WSL2 / Alpine:edge / podman version 3.1.0 no systemd, no openrc

podman ps -a
ERRO[0000] error joining network namespace for container 3fd6086ec181198bf270b6a9e4f660cdaee4a991a8461c0c6045c21f8c6dbb79: error retrieving network namespace at /tmp/podman-run-1000/netns/cni-b61c831a-c43e-2a9d-b848-a27f55048da1: unknown FS magic on "/tmp/podman-run-1000/netns/cni-b61c831a-c43e-2a9d-b848-a27f55048da1": ef53
Error: error joining network namespace of container 3fd6086ec181198bf270b6a9e4f660cdaee4a991a8461c0c6045c21f8c6dbb79: error retrieving network namespace at /tmp/podman-run-1000/netns/cni-b61c831a-c43e-2a9d-b848-a27f55048da1: unknown FS magic on "/tmp/podman-run-1000/netns/cni-b61c831a-c43e-2a9d-b848-a27f55048da1": ef53

podman rm --force 3fd6086ec181198bf270b6a9e4f660cdaee4a991a8461c0c6045c21f8c6dbb79
ERRO[0000] error joining network namespace for container 3fd6086ec181198bf270b6a9e4f660cdaee4a991a8461c0c6045c21f8c6dbb79: error retrieving network namespace at /tmp/podman-run-1000/netns/cni-b61c831a-c43e-2a9d-b848-a27f55048da1: unknown FS magic on "/tmp/podman-run-1000/netns/cni-b61c831a-c43e-2a9d-b848-a27f55048da1": ef53
Error: error freeing lock for container 3fd6086ec181198bf270b6a9e4f660cdaee4a991a8461c0c6045c21f8c6dbb79: no such file or directory

How to resolve?

Since WSL2 does not have systemd or mount /tmp with tmpfs, then it breaks the assumption. Do you know if there is a similar way to trigger this behaviour in WSL2? IE Cause certain files to be deleted? Do we need to drop an init script?

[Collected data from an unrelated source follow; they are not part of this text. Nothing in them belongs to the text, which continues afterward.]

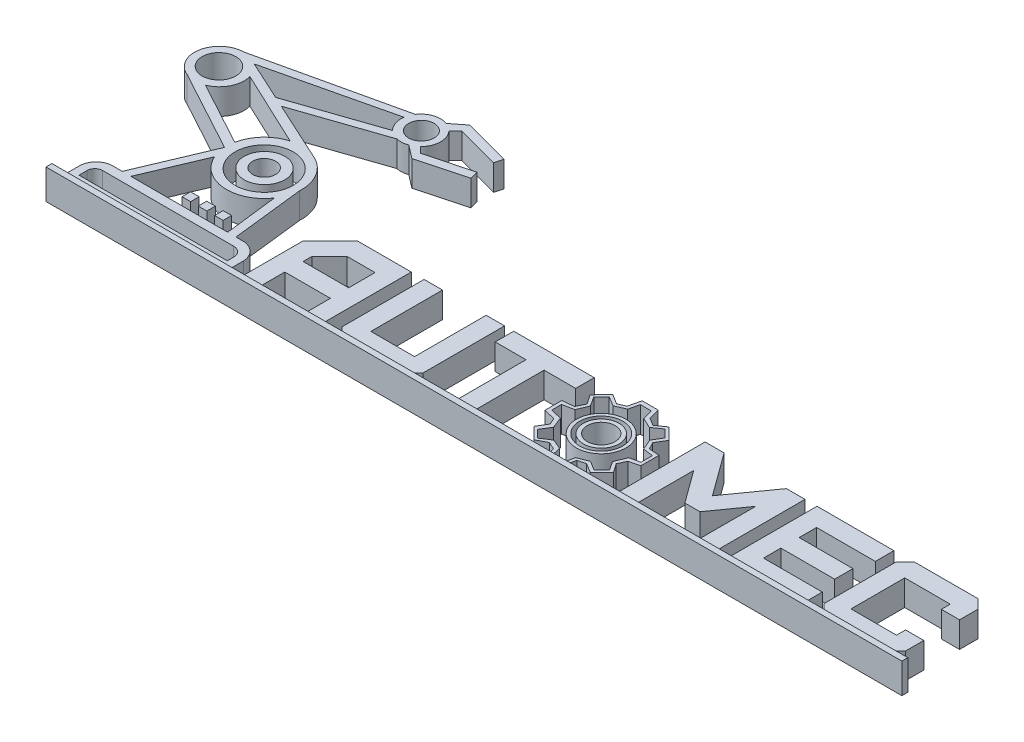
from build123d import *

# Parameters (mm, degrees)
SKETCH1_W              = 10.037720294
SKETCH1_H              = 9.89427134
BOSS_EXTRUDE3_DEPTH    = 30
SKETCH1_W_2            = 9.837608832
BOSS_EXTRUDE3_2_DEPTH  = 30
SKETCH1_W_3            = 10.004172051
BOSS_EXTRUDE3_3_DEPTH  = 30
SKETCH1_R              = 14.841134558
SKETCH1_R_2            = 19.638478863
SKETCH1_R_3            = 33.945181935
BOSS_EXTRUDE3_4_DEPTH  = 30
BOSS_EXTRUDE3_5_DEPTH  = 30
BOSS_EXTRUDE3_6_DEPTH  = 30
BOSS_EXTRUDE3_7_DEPTH  = 30
BOSS_EXTRUDE3_8_DEPTH  = 30
BOSS_EXTRUDE3_9_DEPTH  = 30
BOSS_EXTRUDE3_10_DEPTH = 30
BOSS_EXTRUDE3_11_DEPTH = 30
SKETCH1_R_4            = 23.705875318
SKETCH1_R_5            = 13.441561648
BOSS_EXTRUDE3_12_DEPTH = 30
SKETCH1_R_6            = 28.936539224
SKETCH1_R_7            = 25.172875838
BOSS_EXTRUDE3_13_DEPTH = 30
SKETCH1_R_8            = 20.860639354
SKETCH1_R_9            = 16.254652286
BOSS_EXTRUDE3_14_DEPTH = 30
BOSS_EXTRUDE4_DEPTH    = 35


with BuildPart() as part:
    # Sketch1 → Boss-Extrude3 (new body)
    with BuildSketch(Plane(origin=(0, 0, 0), x_dir=(1, 0, 0), z_dir=(0, 1, 0))):
        with Locations((114.128971817, 54.083331286)):
            Rectangle(SKETCH1_W, SKETCH1_H)
    extrude(amount=BOSS_EXTRUDE3_DEPTH)


with BuildPart() as body_2:
    # Sketch1 → Boss-Extrude3 2 (new body)
    with BuildSketch(Plane(origin=(0, 0, 0), x_dir=(1, 0, 0), z_dir=(0, 1, 0))):
        with Locations((133.169168206, 54.083331286)):
            Rectangle(SKETCH1_W_2, SKETCH1_H)
    extrude(amount=BOSS_EXTRUDE3_2_DEPTH)


with BuildPart() as body_3:
    # Sketch1 → Boss-Extrude3 3 (new body)
    with BuildSketch(Plane(origin=(0, 0, 0), x_dir=(1, 0, 0), z_dir=(0, 1, 0))):
        with Locations((95.198962506, 54.083331286)):
            Rectangle(SKETCH1_W_3, SKETCH1_H)
    extrude(amount=BOSS_EXTRUDE3_3_DEPTH)


with BuildPart() as body_4:
    # Sketch1 → Boss-Extrude3 4 (new body)
    with BuildSketch(Plane(origin=(0, 0, 0), x_dir=(1, 0, 0), z_dir=(0, 1, 0))):
        with BuildLine():
            Line((143.142771274, 268.551222923), (-20.066683919, 231.448561929))
            ThreePointArc((-20.066683919, 231.448561929), (-48.08274217, 207.697002969), (-30.2767921, 175.572491843))
            Line((-30.2767921, 175.572491843), (65.13223045, 123.762206868))
            Line((65.13223045, 123.762206868), (29.665610075, 39.838888731))
            Line((29.665610075, 39.838888731), (17.427719175, 39.838888731))
            ThreePointArc((17.427719175, 39.838888731), (4.37706487, 33.661602398), (-0.92807644, 20.232755838))
            Line((-0.92807644, 20.232755838), (-0.92807644, 6.699341433))
            ThreePointArc((-0.92807644, 6.699341433), (1.439006355, 3.093293076), (5.519838836, 1.695626459))
            Line((5.519838836, 1.695626459), (187.056420311, 1.695626459))
            ThreePointArc((187.056420311, 1.695626459), (189.890342969, 3.516284124), (190.99218603, 6.699341433))
            Line((190.99218603, 6.699341433), (190.99218603, 20.232755838))
            ThreePointArc((190.99218603, 20.232755838), (184.584997904, 34.156147144), (170.350556109, 39.838888731))
            Line((170.350556109, 39.838888731), (162.419916837, 39.838888731))
            Line((162.419916837, 39.838888731), (152.794511162, 123.762206868))
            ThreePointArc((152.794511162, 123.762206868), (145.984902768, 149.800684723), (125.259763461, 166.97163974))
            Line((125.259763461, 166.97163974), (56.575915473, 198.553079106))
            Line((56.575915473, 198.553079106), (157.148813199, 232.909520835))
            ThreePointArc((157.148813199, 232.909520835), (163.806970263, 232.345523476), (170.350556109, 233.698532264))
            Line((170.350556109, 233.698532264), (185.669513374, 221.850702315))
            Line((185.669513374, 221.850702315), (240.175788961, 236.31824449))
            Line((240.175788961, 236.31824449), (237.60073395, 246.019730503))
            Line((237.60073395, 246.019730503), (185.669513374, 232.235682413))
            Line((185.669513374, 232.235682413), (178.835688766, 239.089620535))
            ThreePointArc((178.835688766, 239.089620535), (185.666823394, 255.200048889), (179.328917733, 271.510819989))
            Line((179.328917733, 271.510819989), (187.056420311, 278.803304387))
            Line((187.056420311, 278.803304387), (237.60073395, 265.195725475))
            Line((237.60073395, 265.195725475), (240.175788961, 274.76057084))
            Line((240.175788961, 274.76057084), (185.669513374, 289.434792188))
            Line((185.669513374, 289.434792188), (170.350556109, 277.408883435))
            ThreePointArc((170.350556109, 277.408883435), (155.222671622, 277.661249559), (143.142771274, 268.551222923))
        make_face()
        with BuildLine():
            Line((-1.969110638, 225.472598709), (139.423502901, 258.97550346))
            ThreePointArc((139.423502901, 258.97550346), (140.395436733, 248.10615689), (146.219590259, 238.877582463))
            Line((146.219590259, 238.877582463), (44.470389253, 204.119306881))
            Line((44.470389253, 204.119306881), (-1.969110638, 225.472598709))
        make_face(mode=Mode.SUBTRACT)
        with Locations((163.173974101, 255.540121232)):
            Circle(SKETCH1_R, mode=Mode.SUBTRACT)
        with Locations((-20.066683919, 202.485175867)):
            Circle(SKETCH1_R_2, mode=Mode.SUBTRACT)
        with BuildLine():
            Line((8.324402462, 210.195837049), (97.055580754, 168.462639817))
            ThreePointArc((97.055580754, 168.462639817), (76.78336776, 156.068842703), (65.938427209, 134.92750663))
            Line((65.938427209, 134.92750663), (-8.909613341, 175.572491843))
            ThreePointArc((-8.909613341, 175.572491843), (6.333753594, 189.585847209), (8.324402462, 210.195837049))
        make_face(mode=Mode.SUBTRACT)
        with Locations((109.737807996, 125.434673325)):
            Circle(SKETCH1_R_3, mode=Mode.SUBTRACT)
        with BuildLine():
            ThreePointArc((68.82897061, 108.421864432), (105.123555566, 82.477977197), (145.3839321, 101.699950647))
            Line((145.3839321, 101.699950647), (152.794511162, 39.838888731))
            Line((152.794511162, 39.838888731), (39.756094219, 39.838888731))
            Line((39.756094219, 39.838888731), (68.82897061, 108.421864432))
        make_face(mode=Mode.SUBTRACT)
        with BuildLine():
            Line((17.34286461, 29.251217986), (170.350556109, 29.251217986))
            ThreePointArc((170.350556109, 29.251217986), (177.471060726, 26.709270346), (181.372066191, 20.232755838))
            Line((181.372066191, 20.232755838), (181.372066191, 10.7136894))
            Line((181.372066191, 10.7136894), (8.324402462, 10.7136894))
            Line((8.324402462, 10.7136894), (8.324402462, 20.232755838))
            ThreePointArc((8.324402462, 20.232755838), (10.96584887, 26.609771579), (17.34286461, 29.251217986))
        make_face(mode=Mode.SUBTRACT)
    extrude(amount=BOSS_EXTRUDE3_4_DEPTH)



with BuildPart() as body_5:
    # Sketch1 → Boss-Extrude3 5 (new body)
    with BuildSketch(Plane(origin=(0, 0, 0), x_dir=(1, 0, 0), z_dir=(0, 1, 0))):
        Polygon((205.524825841, 74.70012702), (205.524825841, 1.695626459), (226.323997377, 1.695626459), (226.323997377, 32.972523229), (279.551984747, 32.972523229), (279.551984747, 1.695626459), (300.127509276, 1.695626459), (300.127509276, 106.776035129), (237.60073395, 106.776035129), align=None)
        Polygon((279.551984747, 54.235830794), (226.323997377, 54.235830794), (226.323997377, 64.730398046), (246.6758749, 85.08227557), (279.551984747, 85.08227557), align=None, mode=Mode.SUBTRACT)
    extrude(amount=BOSS_EXTRUDE3_5_DEPTH)


with BuildPart() as body_6:
    # Sketch1 → Boss-Extrude3 6 (new body)
    with BuildSketch(Plane(origin=(0, 0, 0), x_dir=(1, 0, 0), z_dir=(0, 1, 0))):
        Polygon((886.728702325, 1.695626459), (961.16194012, 1.695626459), (971.701040984, 12.234727322), (971.701040984, 33.464350851), (950.471417455, 33.464350851), (950.471417455, 22.849539087), (897.34351409, 22.849539087), (897.34351409, 85.574103193), (950.471417455, 85.574103193), (950.471417455, 75.191954642), (971.701040984, 75.191954642), (971.701040984, 96.728761888), (961.086229219, 107.343573652), (886.728702325, 107.267862751), (876.189601462, 96.728761888), (876.189601462, 12.234727322), align=None)
    extrude(amount=BOSS_EXTRUDE3_6_DEPTH)


with BuildPart() as body_7:
    # Sketch1 → Boss-Extrude3 7 (new body)
    with BuildSketch(Plane(origin=(0, 0, 0), x_dir=(1, 0, 0), z_dir=(0, 1, 0))):
        Polygon((315.111858662, 10.7136894), (324.129921603, 1.695626459), (398.979485821, 1.695626459), (409.026759062, 11.7428997), (409.026759062, 106.776035129), (387.573488527, 106.776035129), (387.573488527, 23.148896994), (336.565129197, 23.148896994), (336.565129197, 106.776035129), (315.111858662, 106.776035129), align=None)
    extrude(amount=BOSS_EXTRUDE3_7_DEPTH)


with BuildPart() as body_8:
    # Sketch1 → Boss-Extrude3 8 (new body)
    with BuildSketch(Plane(origin=(0, 0, 0), x_dir=(1, 0, 0), z_dir=(0, 1, 0))):
        Polygon((773.755843894, 1.695626459), (863.525068241, 1.695626459), (863.525068241, 23.148896994), (794.917323579, 23.148896994), (794.917323579, 43.388951015), (857.73350538, 43.388951015), (857.73350538, 64.730398046), (794.917323579, 64.730398046), (794.917323579, 85.08227557), (863.525068241, 85.08227557), (863.525068241, 106.776035129), (773.755843894, 106.776035129), align=None)
    extrude(amount=BOSS_EXTRUDE3_8_DEPTH)


with BuildPart() as body_9:
    # Sketch1 → Boss-Extrude3 9 (new body)
    with BuildSketch(Plane(origin=(0, 0, 0), x_dir=(1, 0, 0), z_dir=(0, 1, 0))):
        Polygon((455.785825283, 85.08227557), (455.785825283, 1.695626459), (476.808643824, 1.695626459), (476.808643824, 85.08227557), (513.710399774, 85.08227557), (513.710399774, 106.776035129), (419.778657356, 106.776035129), (419.778657356, 85.08227557), align=None)
    extrude(amount=BOSS_EXTRUDE3_9_DEPTH)


with BuildPart() as body_10:
    # Sketch1 → Boss-Extrude3 10 (new body)
    with BuildSketch(Plane(origin=(0, 0, 0), x_dir=(1, 0, 0), z_dir=(0, 1, 0))):
        Polygon((738.028346548, 1.695626459), (759.722106106, 1.695626459), (759.722106106, 106.776035128), (738.028346548, 106.776035128), (702.133002124, 56.344559491), (665.566716683, 106.475757274), (643.425663113, 106.475757274), (643.425663113, 1.695626459), (665.566716683, 1.695626459), (665.566716683, 70.992514208), (693.298945397, 32.972523229), (710.967058851, 32.972523229), (738.028346548, 70.992514208), align=None)
    extrude(amount=BOSS_EXTRUDE3_10_DEPTH)


with BuildPart() as body_11:
    # Sketch1 → Boss-Extrude3 11 (new body)
    with BuildSketch(Plane(origin=(0, 0, 0), x_dir=(1, 0, 0), z_dir=(0, 1, 0))):
        Polygon((561.811156285, 11.022132391), (564.206833782, 1.695626459), (584.548916634, 1.695626459), (587.139669167, 13.048376699), (596.077110393, 15.344116066), (607.08101677, 8.714733796), (620.584288241, 22.351755897), (613.542887133, 32.620988551), (617.886588615, 41.869512454), (629.982213547, 44.976486993), (629.982213547, 66.07345155), (617.886588615, 66.967470506), (613.542887133, 75.129982665), (620.710099352, 87.026616321), (607.08101677, 100.448493701), (596.077110393, 92.903341968), (587.139669167, 98.287767497), (583.786023452, 111.343697056), (565.065547238, 111.343697056), (561.811156285, 97.082864651), (553.182677099, 93.315612167), (541.853221859, 100.448493701), (528.56298499, 87.026616321), (536.144263058, 75.970023025), (531.496196769, 66.07345155), (517.881347226, 64.708779488), (517.881347226, 44.976486993), (531.496196769, 41.869512454), (534.830790982, 34.231989649), (527.62577602, 22.272608391), (541.287700266, 8.744679012), (553.182677099, 15.074621006), align=None)
        Polygon((540.060260784, 75.991641583), (532.888416484, 87.04823488), (541.853221859, 96.101837134), (553.182677099, 89.276325618), (565.065547238, 94.464467245), (567.806581737, 106.475757274), (580.70071182, 106.475757274), (583.786023452, 94.464467245), (596.077110393, 88.691782532), (607.08101677, 96.236934265), (615.924941998, 87.04823488), (609.263818115, 75.991641583), (614.808785716, 63.291500634), (626.508975948, 61.946779828), (626.508975948, 48.502177727), (614.808785716, 46.108956998), (609.263818115, 32.642607109), (615.924941998, 22.373374455), (607.08101677, 13.224486288), (596.077110393, 19.989186093), (583.764503353, 15.08767265), (581.488576126, 5.202505812), (567.089265505, 5.202505812), (565.065547238, 15.096239565), (553.182677099, 19.989186093), (541.853221859, 12.640350262), (532.888416484, 21.306328792), (540.060260784, 32.972523229), (534.830790982, 46.108956998), (521.682409764, 49.136195616), (521.682409764, 60.602059022), (534.830790982, 63.291500634), align=None, mode=Mode.SUBTRACT)
    extrude(amount=BOSS_EXTRUDE3_11_DEPTH)


with BuildPart() as body_12:
    # Sketch1 → Boss-Extrude3 12 (new body)
    with BuildSketch(Plane(origin=(0, 0, 0), x_dir=(1, 0, 0), z_dir=(0, 1, 0))):
        with Locations((109.350589401, 126.209110515)):
            Circle(SKETCH1_R_4)
        with Locations((108.963370806, 126.209110515)):
            Circle(SKETCH1_R_5, mode=Mode.SUBTRACT)
    extrude(amount=BOSS_EXTRUDE3_12_DEPTH)


with BuildPart() as body_13:
    # Sketch1 → Boss-Extrude3 13 (new body)
    with BuildSketch(Plane(origin=(0, 0, 0), x_dir=(1, 0, 0), z_dir=(0, 1, 0))):
        with Locations((574.321184091, 54.290961869)):
            Circle(SKETCH1_R_6)
        with Locations((574.321184091, 54.290961869)):
            Circle(SKETCH1_R_7, mode=Mode.SUBTRACT)
    extrude(amount=BOSS_EXTRUDE3_13_DEPTH)


with BuildPart() as body_14:
    # Sketch1 → Boss-Extrude3 14 (new body)
    with BuildSketch(Plane(origin=(0, 0, 0), x_dir=(1, 0, 0), z_dir=(0, 1, 0))):
        with Locations((574.321184091, 54.290961869)):
            Circle(SKETCH1_R_8)
        with Locations((574.321184091, 54.290961869)):
            Circle(SKETCH1_R_9, mode=Mode.SUBTRACT)
    extrude(amount=BOSS_EXTRUDE3_14_DEPTH)


with BuildPart() as body_4_1:
    add(body_4.part)

    add(body_5.part)  # Boss-Extrude4 merges body 5

    add(body_6.part)  # Boss-Extrude4 merges body 6

    add(body_7.part)  # Boss-Extrude4 merges body 7

    add(body_8.part)  # Boss-Extrude4 merges body 8

    add(body_9.part)  # Boss-Extrude4 merges body 9

    add(body_10.part)  # Boss-Extrude4 merges body 10

    add(body_11.part)  # Boss-Extrude4 merges body 11
    # Sketch1<9> → Boss-Extrude4 (add)
    with BuildSketch(Plane(origin=(0, 0, 0), x_dir=(1, 0, 0), z_dir=(0, 1, 0))):
        Polygon((187.056420311, 1.695626459), (5.519838836, 1.695626459), (-14.265268254, 1.695626459), (-14.265268254, -5.210883228), (984.802454964, -5.210883228), (984.802454964, 1.695626459), (961.16194012, 1.695626459), (886.728702325, 1.695626459), (863.525068241, 1.695626459), (773.755843894, 1.695626459), (759.722106106, 1.695626459), (738.028346548, 1.695626459), (665.566716683, 1.695626459), (643.425663113, 1.695626459), (584.548916634, 1.695626459), (564.206833782, 1.695626459), (476.808643824, 1.695626459), (455.785825283, 1.695626459), (398.979485821, 1.695626459), (324.129921603, 1.695626459), (300.127509276, 1.695626459), (279.551984747, 1.695626459), (226.323997377, 1.695626459), (205.524825841, 1.695626459), align=None)
    extrude(amount=BOSS_EXTRUDE4_DEPTH)


solid = Compound([part.part, body_2.part, body_3.part, body_12.part, body_13.part, body_14.part, body_4_1.part])

I just encountered this issue with podman 4.0.2 on AlmaLinux 8, no WSL.

$ podman ps -a
ERRO[0000] Joining network namespace for container 96f881cd6f14891d79bdac918bd5dea8f9923d8282c6807b433ba189cec9ace2: error retrieving network namespace at /run/user/1001/netns/netns-e293186e-0dd0-326c-dbc9-2b263fcc0d1d: unknown FS magic on "/run/user/1001/netns/netns-e293186e-0dd0-326c-dbc9-2b263fcc0d1d": 1021994 
Error: error joining network namespace of container 96f881cd6f14891d79bdac918bd5dea8f9923d8282c6807b433ba189cec9ace2: error retrieving network namespace at /run/user/1001/netns/netns-e293186e-0dd0-326c-dbc9-2b263fcc0d1d: unknown FS magic on "/run/user/1001/netns/netns-e293186e-0dd0-326c-dbc9-2b263fcc0d1d": 1021994

$ podman rm --force 96f881cd6f14891d79bdac918bd5dea8f9923d8282c6807b433ba189cec9ace2
ERRO[0000] Joining network namespace for container 96f881cd6f14891d79bdac918bd5dea8f9923d8282c6807b433ba189cec9ace2: error retrieving network namespace at /run/user/1001/netns/netns-e293186e-0dd0-326c-dbc9-2b263fcc0d1d: unknown FS magic on "/run/user/1001/netns/netns-e293186e-0dd0-326c-dbc9-2b263fcc0d1d": 1021994 
ERRO[0000] container_linux.go:419: signaling init process caused: operation not permitted 
Error: cannot remove container 96f881cd6f14891d79bdac918bd5dea8f9923d8282c6807b433ba189cec9ace2 as it could not be stopped: error sending SIGKILL to container 96f881cd6f14891d79bdac918bd5dea8f9923d8282c6807b433ba189cec9ace2: operation not permitted

The containers were created by testcontainers over the Podman socket, not sure if that did anything special.

Could you update to podman 4.1 and see if this continues to happen. Please open a new issue rather then adding to a closed issue.